* [PROBLEM STATEMENT] The answer must be every line below that holds the word "lineweight".

Stored data
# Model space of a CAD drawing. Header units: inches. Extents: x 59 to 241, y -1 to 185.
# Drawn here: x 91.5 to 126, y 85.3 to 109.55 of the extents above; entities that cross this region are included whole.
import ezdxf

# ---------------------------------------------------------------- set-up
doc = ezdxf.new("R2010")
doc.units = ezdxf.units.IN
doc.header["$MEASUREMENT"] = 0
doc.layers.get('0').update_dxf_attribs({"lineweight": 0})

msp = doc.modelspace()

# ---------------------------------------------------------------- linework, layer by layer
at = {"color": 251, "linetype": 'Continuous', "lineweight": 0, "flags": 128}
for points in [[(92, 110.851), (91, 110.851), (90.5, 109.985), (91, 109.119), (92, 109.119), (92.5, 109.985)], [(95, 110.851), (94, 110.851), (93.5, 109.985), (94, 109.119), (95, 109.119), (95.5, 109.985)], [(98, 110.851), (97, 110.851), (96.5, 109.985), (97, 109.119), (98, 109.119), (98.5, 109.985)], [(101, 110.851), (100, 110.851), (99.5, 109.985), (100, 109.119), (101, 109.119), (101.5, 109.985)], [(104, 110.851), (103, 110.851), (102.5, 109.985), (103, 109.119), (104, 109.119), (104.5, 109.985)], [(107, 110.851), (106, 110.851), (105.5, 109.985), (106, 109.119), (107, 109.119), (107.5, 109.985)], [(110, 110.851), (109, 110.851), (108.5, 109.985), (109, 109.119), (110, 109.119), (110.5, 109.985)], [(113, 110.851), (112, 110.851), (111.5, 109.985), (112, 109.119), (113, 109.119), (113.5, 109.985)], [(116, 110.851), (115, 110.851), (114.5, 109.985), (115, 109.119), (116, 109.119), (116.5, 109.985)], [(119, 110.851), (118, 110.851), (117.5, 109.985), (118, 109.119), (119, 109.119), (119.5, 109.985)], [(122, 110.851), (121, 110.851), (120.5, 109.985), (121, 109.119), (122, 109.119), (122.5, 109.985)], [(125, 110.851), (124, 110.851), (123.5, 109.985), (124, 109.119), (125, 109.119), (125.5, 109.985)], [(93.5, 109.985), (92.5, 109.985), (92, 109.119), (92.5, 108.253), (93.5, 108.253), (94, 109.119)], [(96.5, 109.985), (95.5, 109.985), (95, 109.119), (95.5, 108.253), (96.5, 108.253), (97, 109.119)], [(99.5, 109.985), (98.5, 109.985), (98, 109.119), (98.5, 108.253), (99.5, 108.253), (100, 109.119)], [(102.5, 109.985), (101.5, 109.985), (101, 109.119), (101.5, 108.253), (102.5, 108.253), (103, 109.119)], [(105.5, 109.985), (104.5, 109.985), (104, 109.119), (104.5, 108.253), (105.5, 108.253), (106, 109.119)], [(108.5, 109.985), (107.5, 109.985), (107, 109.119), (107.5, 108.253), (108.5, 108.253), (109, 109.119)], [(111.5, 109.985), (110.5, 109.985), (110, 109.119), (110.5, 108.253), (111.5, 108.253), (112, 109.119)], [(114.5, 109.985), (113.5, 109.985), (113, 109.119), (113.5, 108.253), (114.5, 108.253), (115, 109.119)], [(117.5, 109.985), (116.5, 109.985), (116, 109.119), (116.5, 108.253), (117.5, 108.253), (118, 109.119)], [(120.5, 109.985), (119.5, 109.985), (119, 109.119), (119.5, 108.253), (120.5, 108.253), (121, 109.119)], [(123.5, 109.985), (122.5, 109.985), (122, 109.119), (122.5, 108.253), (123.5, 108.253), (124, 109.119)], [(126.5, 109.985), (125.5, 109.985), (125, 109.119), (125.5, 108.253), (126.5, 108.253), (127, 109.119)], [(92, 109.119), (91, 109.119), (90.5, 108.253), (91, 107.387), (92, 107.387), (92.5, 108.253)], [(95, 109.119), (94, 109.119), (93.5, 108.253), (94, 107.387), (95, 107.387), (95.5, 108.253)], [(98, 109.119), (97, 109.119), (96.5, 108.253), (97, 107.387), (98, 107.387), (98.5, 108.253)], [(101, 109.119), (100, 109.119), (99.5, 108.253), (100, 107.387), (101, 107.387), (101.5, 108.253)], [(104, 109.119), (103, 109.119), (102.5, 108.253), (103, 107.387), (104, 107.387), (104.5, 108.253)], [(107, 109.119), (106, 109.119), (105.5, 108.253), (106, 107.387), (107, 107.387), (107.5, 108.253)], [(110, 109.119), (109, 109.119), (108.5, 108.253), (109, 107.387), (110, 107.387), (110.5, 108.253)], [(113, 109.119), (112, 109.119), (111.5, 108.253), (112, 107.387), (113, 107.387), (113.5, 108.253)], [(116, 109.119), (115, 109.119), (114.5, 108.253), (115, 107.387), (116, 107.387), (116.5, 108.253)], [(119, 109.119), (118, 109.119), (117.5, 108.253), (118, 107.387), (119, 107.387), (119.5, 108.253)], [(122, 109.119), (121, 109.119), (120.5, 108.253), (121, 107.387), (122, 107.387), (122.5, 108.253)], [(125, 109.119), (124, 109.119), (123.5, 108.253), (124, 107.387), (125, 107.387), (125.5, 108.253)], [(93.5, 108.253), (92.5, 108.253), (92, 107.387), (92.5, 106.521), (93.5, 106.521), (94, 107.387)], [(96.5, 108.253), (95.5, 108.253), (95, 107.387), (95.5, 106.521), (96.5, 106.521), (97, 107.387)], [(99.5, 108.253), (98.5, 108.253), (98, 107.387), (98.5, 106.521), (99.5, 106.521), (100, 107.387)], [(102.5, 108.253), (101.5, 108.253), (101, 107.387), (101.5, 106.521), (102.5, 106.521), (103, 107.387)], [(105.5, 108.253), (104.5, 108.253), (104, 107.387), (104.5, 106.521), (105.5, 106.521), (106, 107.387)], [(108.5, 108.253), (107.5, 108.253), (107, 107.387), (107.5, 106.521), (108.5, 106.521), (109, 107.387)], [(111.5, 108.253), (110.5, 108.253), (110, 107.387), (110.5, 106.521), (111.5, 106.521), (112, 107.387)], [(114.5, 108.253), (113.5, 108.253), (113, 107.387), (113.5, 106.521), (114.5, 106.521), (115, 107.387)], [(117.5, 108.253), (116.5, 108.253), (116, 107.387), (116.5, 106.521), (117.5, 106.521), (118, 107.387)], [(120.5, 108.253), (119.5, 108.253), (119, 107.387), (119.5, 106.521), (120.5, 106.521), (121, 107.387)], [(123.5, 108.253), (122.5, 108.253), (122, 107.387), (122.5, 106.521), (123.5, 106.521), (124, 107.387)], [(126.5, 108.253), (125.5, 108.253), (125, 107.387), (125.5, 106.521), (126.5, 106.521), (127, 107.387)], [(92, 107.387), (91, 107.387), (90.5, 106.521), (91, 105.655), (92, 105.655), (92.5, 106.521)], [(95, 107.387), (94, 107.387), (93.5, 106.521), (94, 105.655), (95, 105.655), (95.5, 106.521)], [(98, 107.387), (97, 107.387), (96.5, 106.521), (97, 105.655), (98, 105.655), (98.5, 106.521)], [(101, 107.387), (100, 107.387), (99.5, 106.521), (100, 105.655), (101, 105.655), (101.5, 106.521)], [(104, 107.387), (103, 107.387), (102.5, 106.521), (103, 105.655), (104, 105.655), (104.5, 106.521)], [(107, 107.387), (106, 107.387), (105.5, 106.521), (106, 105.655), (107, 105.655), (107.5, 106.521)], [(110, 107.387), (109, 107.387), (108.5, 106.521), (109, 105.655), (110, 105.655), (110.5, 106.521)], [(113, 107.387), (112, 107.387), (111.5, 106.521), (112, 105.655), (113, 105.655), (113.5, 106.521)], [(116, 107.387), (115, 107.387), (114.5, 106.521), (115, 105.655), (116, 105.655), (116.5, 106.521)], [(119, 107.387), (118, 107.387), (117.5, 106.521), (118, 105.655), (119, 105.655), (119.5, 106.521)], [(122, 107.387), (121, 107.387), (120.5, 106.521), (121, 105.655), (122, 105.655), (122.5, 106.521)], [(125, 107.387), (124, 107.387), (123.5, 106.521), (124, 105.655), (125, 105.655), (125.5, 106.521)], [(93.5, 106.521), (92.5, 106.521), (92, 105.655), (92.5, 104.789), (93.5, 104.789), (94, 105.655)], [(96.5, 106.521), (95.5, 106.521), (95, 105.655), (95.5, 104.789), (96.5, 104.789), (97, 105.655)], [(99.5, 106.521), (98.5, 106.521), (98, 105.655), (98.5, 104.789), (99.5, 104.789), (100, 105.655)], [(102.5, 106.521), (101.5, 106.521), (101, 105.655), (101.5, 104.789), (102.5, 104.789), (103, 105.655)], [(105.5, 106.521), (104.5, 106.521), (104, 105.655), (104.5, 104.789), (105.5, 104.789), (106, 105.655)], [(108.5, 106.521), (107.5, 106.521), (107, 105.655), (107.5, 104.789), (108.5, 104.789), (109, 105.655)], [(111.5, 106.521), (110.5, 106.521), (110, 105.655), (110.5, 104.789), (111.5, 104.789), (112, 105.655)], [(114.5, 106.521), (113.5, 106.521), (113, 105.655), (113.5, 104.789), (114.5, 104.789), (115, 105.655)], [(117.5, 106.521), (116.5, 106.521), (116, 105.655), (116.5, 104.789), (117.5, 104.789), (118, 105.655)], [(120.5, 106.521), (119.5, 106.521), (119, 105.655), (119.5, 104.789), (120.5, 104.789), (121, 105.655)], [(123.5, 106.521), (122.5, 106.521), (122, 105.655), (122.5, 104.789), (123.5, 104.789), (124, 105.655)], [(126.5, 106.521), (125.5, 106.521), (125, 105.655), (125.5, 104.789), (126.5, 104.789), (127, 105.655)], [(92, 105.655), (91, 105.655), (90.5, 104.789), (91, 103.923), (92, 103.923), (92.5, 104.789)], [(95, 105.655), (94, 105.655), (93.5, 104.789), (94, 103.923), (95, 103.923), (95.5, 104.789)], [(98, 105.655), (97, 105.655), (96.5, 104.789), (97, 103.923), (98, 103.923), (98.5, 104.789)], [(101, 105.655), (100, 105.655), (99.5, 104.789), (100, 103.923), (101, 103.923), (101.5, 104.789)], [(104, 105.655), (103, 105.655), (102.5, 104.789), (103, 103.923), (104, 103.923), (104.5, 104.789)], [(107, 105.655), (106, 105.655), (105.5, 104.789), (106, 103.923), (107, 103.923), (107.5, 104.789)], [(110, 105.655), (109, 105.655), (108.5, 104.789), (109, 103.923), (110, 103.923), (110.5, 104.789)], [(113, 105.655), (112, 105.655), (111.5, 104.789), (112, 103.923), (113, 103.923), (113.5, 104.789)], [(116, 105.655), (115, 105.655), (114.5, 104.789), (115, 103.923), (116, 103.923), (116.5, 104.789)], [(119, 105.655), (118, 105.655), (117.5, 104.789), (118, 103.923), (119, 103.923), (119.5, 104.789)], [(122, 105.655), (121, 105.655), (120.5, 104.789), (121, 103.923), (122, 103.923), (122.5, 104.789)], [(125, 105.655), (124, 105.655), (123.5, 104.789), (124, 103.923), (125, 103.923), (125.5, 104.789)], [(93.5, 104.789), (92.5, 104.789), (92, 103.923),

* [EXERCISE OUTPUT]
doc.layers.get('0').update_dxf_attribs({"lineweight": 0})
at = {"color": 251, "linetype": 'Continuous', "lineweight": 0, "flags": 128}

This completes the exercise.